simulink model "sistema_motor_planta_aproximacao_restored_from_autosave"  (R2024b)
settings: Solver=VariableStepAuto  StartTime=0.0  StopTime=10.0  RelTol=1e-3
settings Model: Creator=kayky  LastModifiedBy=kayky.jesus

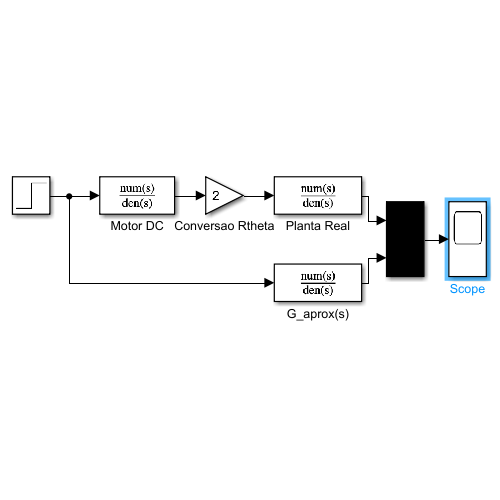
[thumbnail: Simulink's stored preview of the top-level diagram]
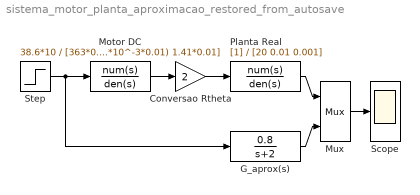
== system sistema_motor_planta_aproximacao_restored_from_autosave ==
  Conversao Rtheta : Gain  Gain=2
  G_aprox(s) : TransferFcn  Numerator=0.8  Denominator=[1 2]
  Motor DC : TransferFcn  Numerator=38.6*10  Denominator=[363*0.281*10^-3 (363*1.41 + 0.281*10^-3*0.01) 1.41*0.01]
  Mux : Mux  Inputs=2
  Planta Real : TransferFcn  Denominator=[20 0.01 0.001]
  Scope : Scope
  Step : Step  Time=0  SampleTime=0
  wires:
  Step/1 -> G_aprox(s)/1, Motor DC/1
  Motor DC/1 -> Conversao Rtheta/1
  Conversao Rtheta/1 -> Planta Real/1
  Planta Real/1 -> Mux/1
  G_aprox(s)/1 -> Mux/2
  Mux/1 -> Scope/1
+ + + +
## Your instructions
Restate the full listing word for word, excluding images.

## Response to this task
simulink model "sistema_motor_planta_aproximacao_restored_from_autosave"  (R2024b)
settings: Solver=VariableStepAuto  StartTime=0.0  StopTime=10.0  RelTol=1e-3
settings Model: Creator=kayky  LastModifiedBy=kayky.jesus

[thumbnail: Simulink's stored preview of the top-level diagram]
== system sistema_motor_planta_aproximacao_restored_from_autosave ==
  Conversao Rtheta : Gain  Gain=2
  G_aprox(s) : TransferFcn  Numerator=0.8  Denominator=[1 2]
  Motor DC : TransferFcn  Numerator=38.6*10  Denominator=[363*0.281*10^-3 (363*1.41 + 0.281*10^-3*0.01) 1.41*0.01]
  Mux : Mux  Inputs=2
  Planta Real : TransferFcn  Denominator=[20 0.01 0.001]
  Scope : Scope
  Step : Step  Time=0  SampleTime=0
  wires:
  Step/1 -> G_aprox(s)/1, Motor DC/1
  Motor DC/1 -> Conversao Rtheta/1
  Conversao Rtheta/1 -> Planta Real/1
  Planta Real/1 -> Mux/1
  G_aprox(s)/1 -> Mux/2
  Mux/1 -> Scope/1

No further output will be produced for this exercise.